Remotely unlocking LUKS encrypted headless system

Define a fixed IP address for initramfs in /etc/initramfs-tools/initramfs.conf otherwise the kernel will try to get an address via DHCP (eth0 has to be adapted to the actual network card for Debian Stretch, such as enp3s0):

DEVICE=eth0
IP=192.168.33.33:::255.255.255.224::eth0:off

Install dropbear which automatically gets installed into the initramfs and implicitly updates the initramfs image:

apt-get install dropbear
  • For Debian Stretch/Buster this ends with the following warning: dropbear: WARNING: Invalid authorized_keys file, remote unlocking of cryptroot via SSH won't work! The reason is that dropbear no longer generates a default key anymore. Thus, copy your own public key into /etc/dropbear-initramfs/authorized_keys and run update-initramfs -u which should not show the warning above again. Afterwards copy your private key to a client machine. To finally¬† resolve the key-mismatch warnings, let dropbear listen on a different port by changing DROPBEAR_OPTIONS to "-p 2222 -s -j -k -I 30" in /etc/dropbear-initramfs/config. This prevents port forwarding, password logins, and sets an inactivity timeout. Additionally, set IFDOWN=none to keep any network settings. This later lets opensmtpd start cleanly on boot (otherwise it complains not finding its network device to listen on). Run update-initramfs -u to activate these settings for the next reboot.
  • For Debian Jessie copy the newly generated /etc/initramfs-tools/root/.ssh/id_rsa to a client machine.

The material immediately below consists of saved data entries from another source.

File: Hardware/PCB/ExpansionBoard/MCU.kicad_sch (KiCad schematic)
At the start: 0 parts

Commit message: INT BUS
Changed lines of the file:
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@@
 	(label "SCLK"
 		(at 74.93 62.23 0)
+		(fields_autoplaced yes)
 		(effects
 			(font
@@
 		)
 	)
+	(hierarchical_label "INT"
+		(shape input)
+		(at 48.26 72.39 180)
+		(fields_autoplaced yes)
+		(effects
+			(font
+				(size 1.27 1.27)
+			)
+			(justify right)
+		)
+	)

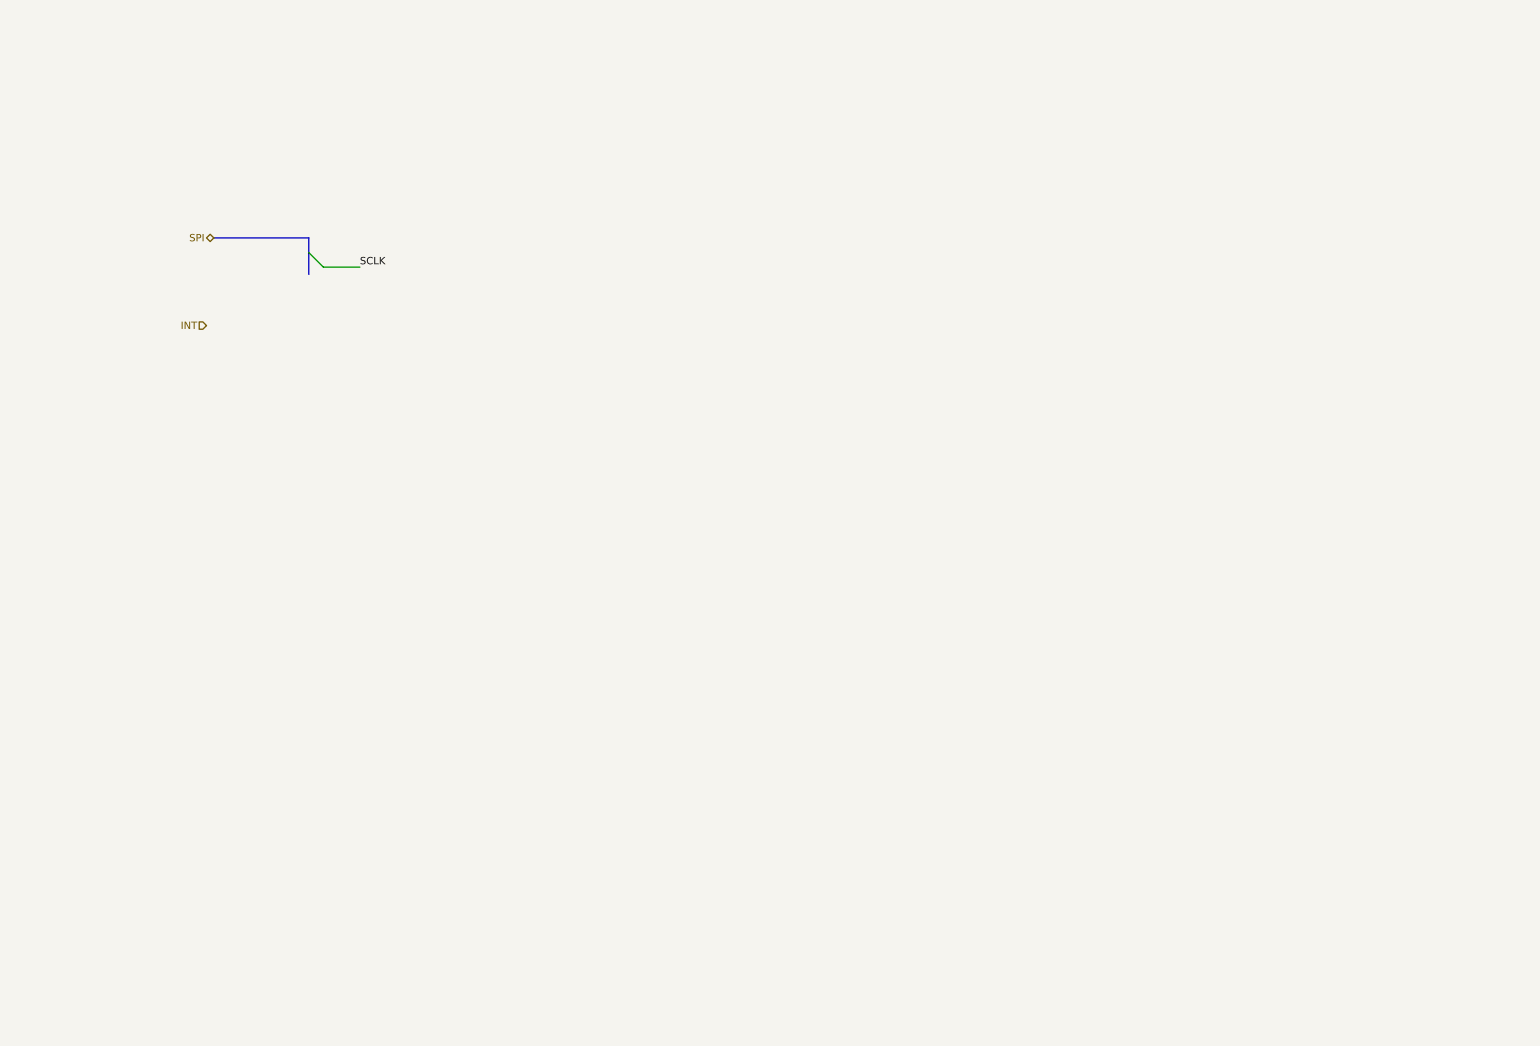
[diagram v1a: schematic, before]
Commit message: added PINOUT to mcu and UART USB CHIP
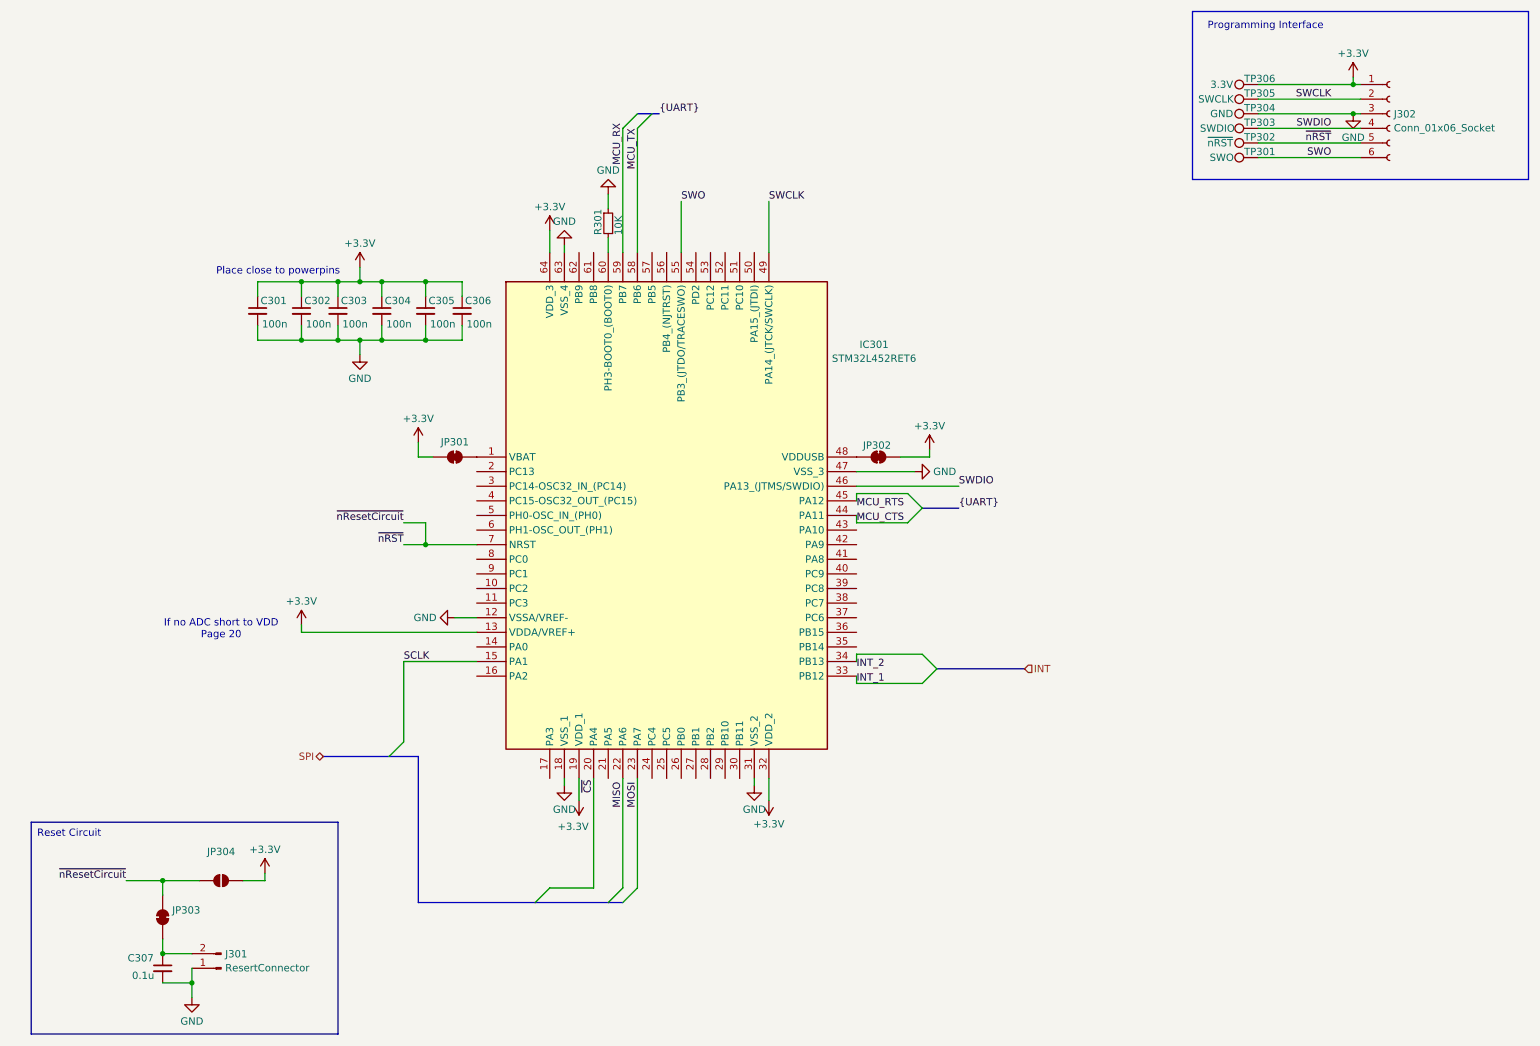
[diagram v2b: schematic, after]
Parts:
- added C301, C302, C303, C304, C305, C306: 100n, symbol Device:C_Small
- added C307: 0.1u, symbol Device:C_Small
- added IC301: STM32L452RET6, QFP50P1200X1200X160-64N, symbol SamacSys_Parts:STM32L452RET6
- added J301: ResertConnector, symbol Connector:Conn_01x02_Pin
- added J302: Conn_01x06_Socket, Connector:Tag-Connect_TC2030-IDC-FP_2x03_P1.27mm_Vertical, symbol Connector:Conn_01x06_Socket
- added JP301, JP302, JP303: SolderJumper_2_Bridged, symbol Jumper:SolderJumper_2_Bridged
- added JP304: SolderJumper_2_Open, symbol Jumper:SolderJumper_2_Open
- added R301: 10K, symbol Device:R_Small
- added TP301: SWO, symbol Connector:TestPoint
- added TP302: ~{nRST}, symbol Connector:TestPoint
- added TP303: SWDIO, symbol Connector:TestPoint
- added TP304: GND, symbol Connector:TestPoint
- added TP305: SWCLK, symbol Connector:TestPoint
- added TP306: 3.3V, symbol Connector:TestPoint
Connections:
- net SCLK: now also IC301.15 (PA1)
- new net: C307.1, J301.2 (Pin_2), JP303.1 (A)
- new net: IC301.60 (PH3-BOOT0_(BOOT0)), R301.2
- new net: IC301.1 (VBAT), JP301.2 (B)
- new net: IC301.48 (VDDUSB), JP302.2 (B)
- new net +3.3V: C301.1, C302.1, C303.1, C304.1, C305.1, C306.1, IC301.13 (VDDA/VREF+), IC301.19 (VDD_1), IC301.32 (VDD_2), IC301.64 (VDD_3), J302.1 (Pin_1), JP301.1 (A), JP302.1 (A), JP304.2 (B), TP306.1
- new net GND: C301.2, C302.2, C303.2, C304.2, C305.2, C306.2, C307.2, IC301.12 (VSSA/VREF-), IC301.18 (VSS_1), IC301.31 (VSS_2), IC301.47 (VSS_3), IC301.63 (VSS_4), J301.1 (Pin_1), J302.3 (Pin_3), R301.1, TP304.1
- new net INT_1: IC301.33 (PB12)
- new net MCU_CTS: IC301.44 (PA11)
- new net MCU_RX: IC301.59 (PB7)
- new net MCU_TX: IC301.58 (PB6)
- new net MISO: IC301.22 (PA6)
- new net MOSI: IC301.23 (PA7)
- new net SWCLK: IC301.49 (PA14_(JTCK/SWCLK)), J302.2 (Pin_2), TP305.1
- new net SWDIO: IC301.46 (PA13_(JTMS/SWDIO)), J302.4 (Pin_4), TP303.1
- new net SWO: IC301.55 (PB3_(JTDO/TRACESWO)), J302.6 (Pin_6), TP301.1
- new net ~{CS}: IC301.20 (PA4)
- new net ~{nRST}: IC301.7 (NRST), J302.5 (Pin_5), JP303.2 (B), JP304.1 (A), TP302.1
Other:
- note added: "If no ADC short to VDD Page 20"
- note added: "Place close to powerpins"
- note added: "Programming Interface"
- note added: "Reset Circuit"

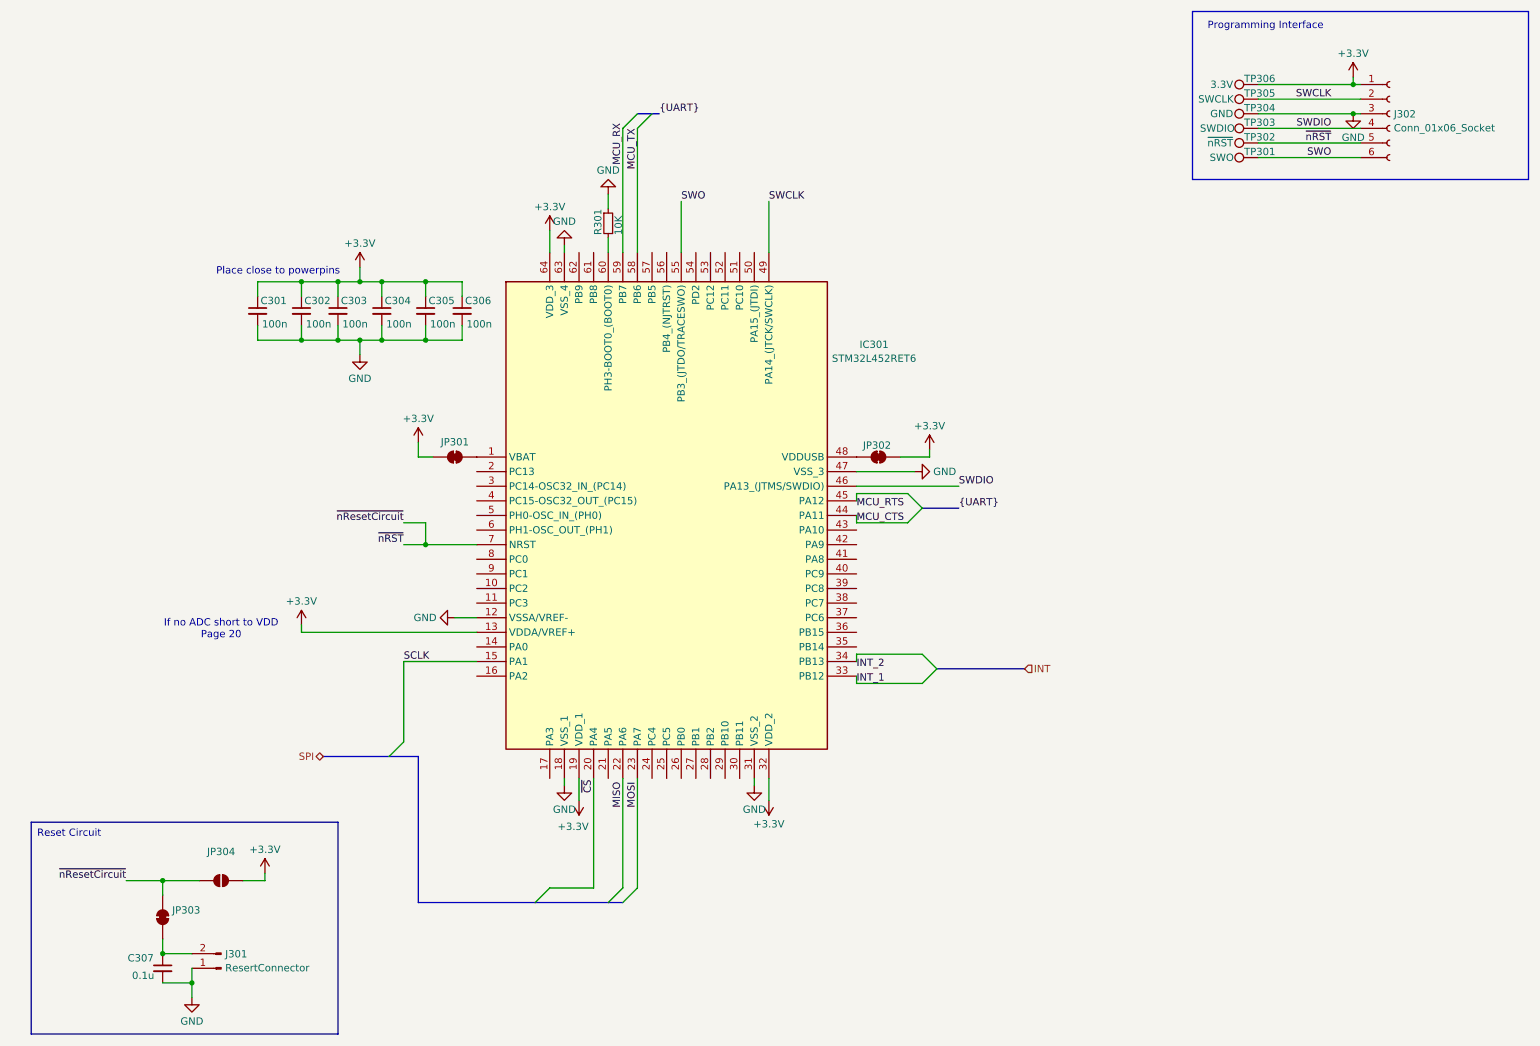
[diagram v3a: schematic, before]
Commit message: DONE: PWR LED MISSING AND AIRSPEED
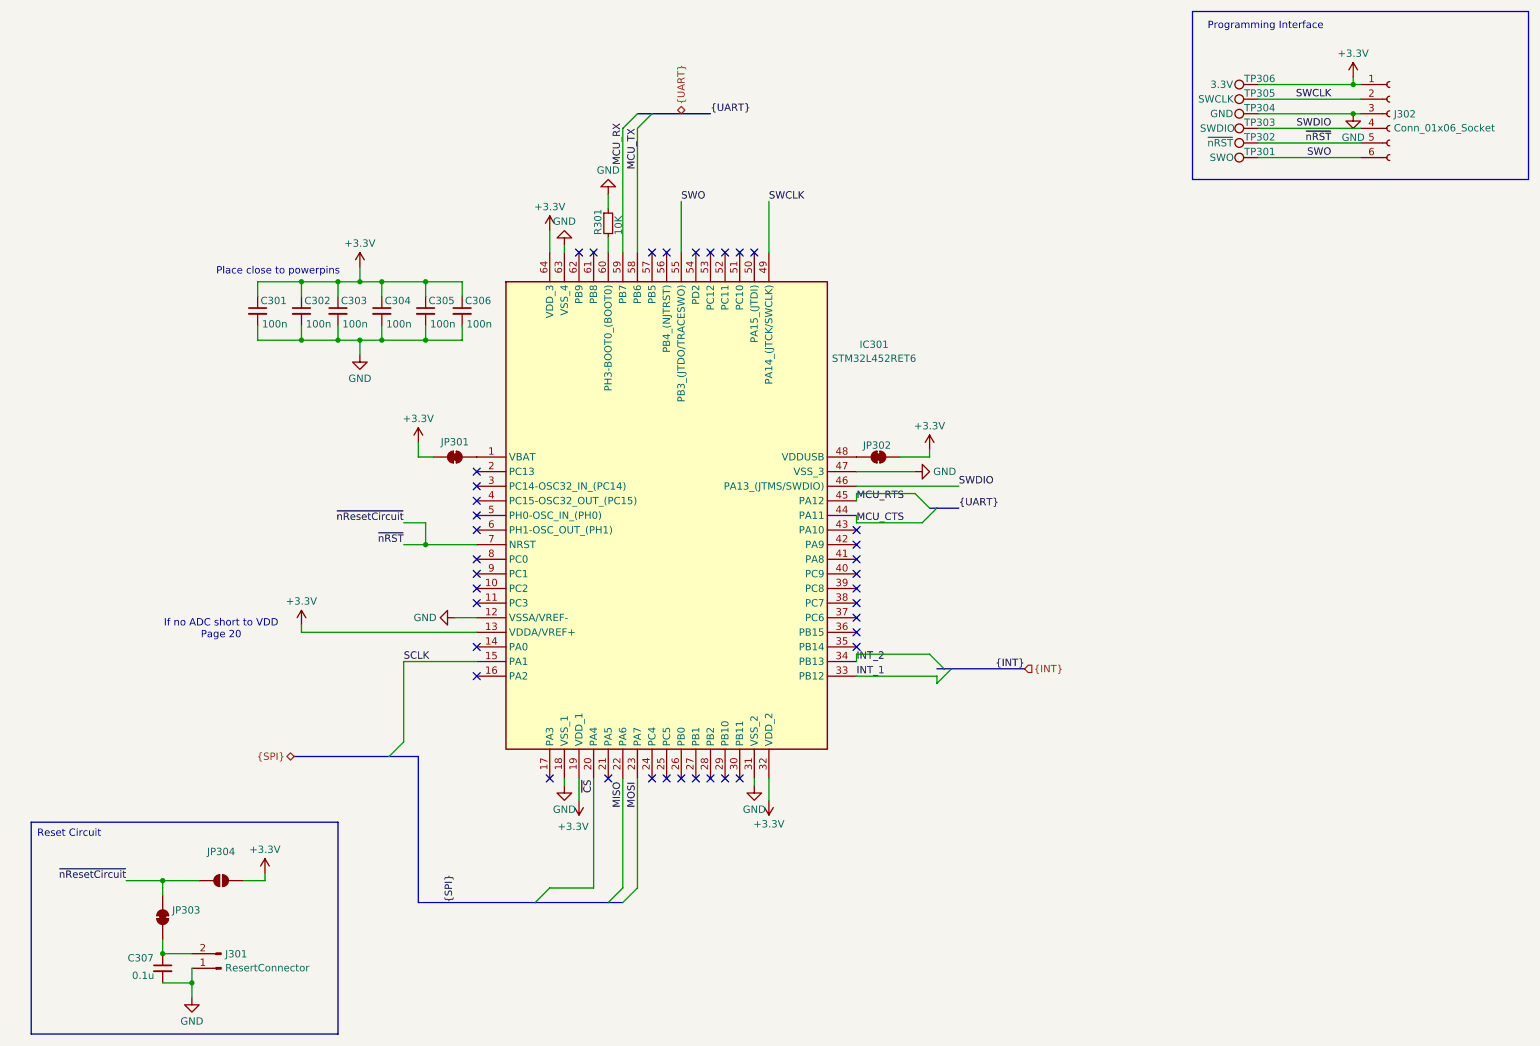
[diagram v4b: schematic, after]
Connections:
- net INT_2: now also IC301.34 (PB13)
- net MCU_RTS: now also IC301.45 (PA12)
- no-connect marks 0 -> 38

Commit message: finished schema
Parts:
- C301, C302, C303, C304, C305, C306, C307: footprint (none) -> Capacitor_SMD:C_0805_2012Metric_Pad1.18x1.45mm_HandSolder
- J301: footprint (none) -> Connector_PinHeader_2.54mm:PinHeader_1x02_P2.54mm_Vertical
- JP301, JP302, JP303: footprint (none) -> Jumper:SolderJumper-2_P1.3mm_Bridged_RoundedPad1.0x1.5mm
- JP304: footprint (none) -> Jumper:SolderJumper-2_P1.3mm_Open_RoundedPad1.0x1.5mm
- R301: footprint (none) -> Resistor_SMD:R_0805_2012Metric_Pad1.20x1.40mm_HandSolder
- TP301, TP302, TP303, TP304, TP305, TP306: footprint (none) -> TestPoint:TestPoint_Pad_D3.0mm
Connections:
- net INT: now reaches IC301.41 (PA8)
- net SCL: now reaches IC301.42 (PA9)
- net SDA: now reaches IC301.43 (PA10)
- no-connect marks 38 -> 35

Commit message: to pcb
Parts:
- IC301: footprint QFP50P1200X1200X160-64N -> SamacSys_Parts:QFP50P1200X1200X160-64N
- TP301, TP302, TP303, TP304, TP305, TP306: footprint TestPoint:TestPoint_Pad_D3.0mm -> TestPoint:TestPoint_Pad_D1.5mm
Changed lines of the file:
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@@
 			)
 		)
-		(property "Footprint" "TestPoint:TestPoint_Pad_D3.0mm"
+		(property "Footprint" "TestPoint:TestPoint_Pad_D1.5mm"
 			(at 231.14 35.56 0)
 			(effects
@@
 			)
 		)
-		(property "Footprint" "TestPoint:TestPoint_Pad_D3.0mm"
+		(property "Footprint" "TestPoint:TestPoint_Pad_D1.5mm"
 			(at 231.14 38.1 0)
 			(effects
@@
 			)
 		)
-		(property "Footprint" "QFP50P1200X1200X160-64N"
+		(property "Footprint" "SamacSys_Parts:QFP50P1200X1200X160-64N"
 			(at 157.48 162.23 0)
 			(effects
@@
 			)
 		)
-		(property "Footprint" "TestPoint:TestPoint_Pad_D3.0mm"
+		(property "Footprint" "TestPoint:TestPoint_Pad_D1.5mm"
 			(at 231.14 30.48 0)
 			(effects
@@
 			)
 		)
-		(property "Footprint" "TestPoint:TestPoint_Pad_D3.0mm"
+		(property "Footprint" "TestPoint:TestPoint_Pad_D1.5mm"
 			(at 231.14 25.4 0)
 			(effects
@@
 			)
 		)
-		(property "Footprint" "TestPoint:TestPoint_Pad_D3.0mm"
+		(property "Footprint" "TestPoint:TestPoint_Pad_D1.5mm"
 			(at 231.14 27.94 0)
 			(effects
@@
 			)
 		)
-		(property "Footprint" "TestPoint:TestPoint_Pad_D3.0mm"
+		(property "Footprint" "TestPoint:TestPoint_Pad_D1.5mm"
 			(at 231.14 33.02 0)
 			(effects

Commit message: added Cube Project, SD Card and Tillt Switch
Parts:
- added C308: 1400n, Capacitor_SMD:C_0805_2012Metric_Pad1.18x1.45mm_HandSolder, symbol Device:C_Small
- added J303: MEM2061-01-188-00-A, SamacSys_Parts:MEM20610118800A, symbol SamacSys_Parts:MEM2061-01-188-00-A
- added R302, R303: 0, Resistor_SMD:R_0805_2012Metric_Pad1.20x1.40mm_HandSolder, symbol Device:R_Small
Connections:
- net +3.3V: now also C308.1, J303.P4 (VDD)
- net GND: now also C308.2, J303.G1 (GND_1), J303.G2 (GND_2), J303.P6 (VSS)
- net MISO: now also IC301.10 (PC2), J303.P7 (DAT0)
- net MOSI: now also IC301.11 (PC3), J303.P3 (CMD)
- net CLK: now reaches IC301.29 (PB10)
- net CLK: now also J303.P5 (CLK)
- net Angle_Indicator_1: now reaches IC301.5 (PH0-OSC_IN_(PH0))
- net Angle_Indicator_2: now reaches IC301.6 (PH1-OSC_OUT_(PH1))
- net CardDetect: now reaches IC301.61 (PB8)
- net CardDetect: now also R302.2, R303.2
- net NSS: now reaches IC301.62 (PB9)
- net NSS: now also J303.P2 (CD/DAT3)
- new net: J303.CD2 (CARD_DETECT_2), R302.1
- new net: J303.CD1 (CARD_DETECT_1), R303.1
- no-connect marks 35 -> 30

Add the following on a clients .ssh/config file to avoid key-mismatch errors stemming from entries in known_hosts:

Host debian_unlock
  User root
  Hostname 192.168.33.33
  Port 22 # or whatever is used for dropbear
  IdentityFile path/to/previously/copied/private_key

To unlock the drives on boot-up ssh debian8_unlock into the system. ps will print the needed cryptsetup command:

# ps
124 root /sbin/dropbear
133 root {cryptroot} /bin/sh /scripts/local-top/cryptroot
138 root /lib/cryptsetup/askpass Please unlock disk sda5_crypt:
139 root /sbin/cryptsetup -T 1 open --type luks /dev/disk/by-uuid/715ac060-2efc-491a-9c96-6898e18c01bd sda5_crypt --key-file=-

Copy the cryptsetup command which will ask for your passphrase and unlocks your drive.

Debian Jessie: The askpass process still prevents booting up (as it is asking on the boot console which nobody sees) so kill -9 that one to continue the boot process.

Debian Buster: Run cryptroot-unlock only, this will ask for the password and continues booting afterwards.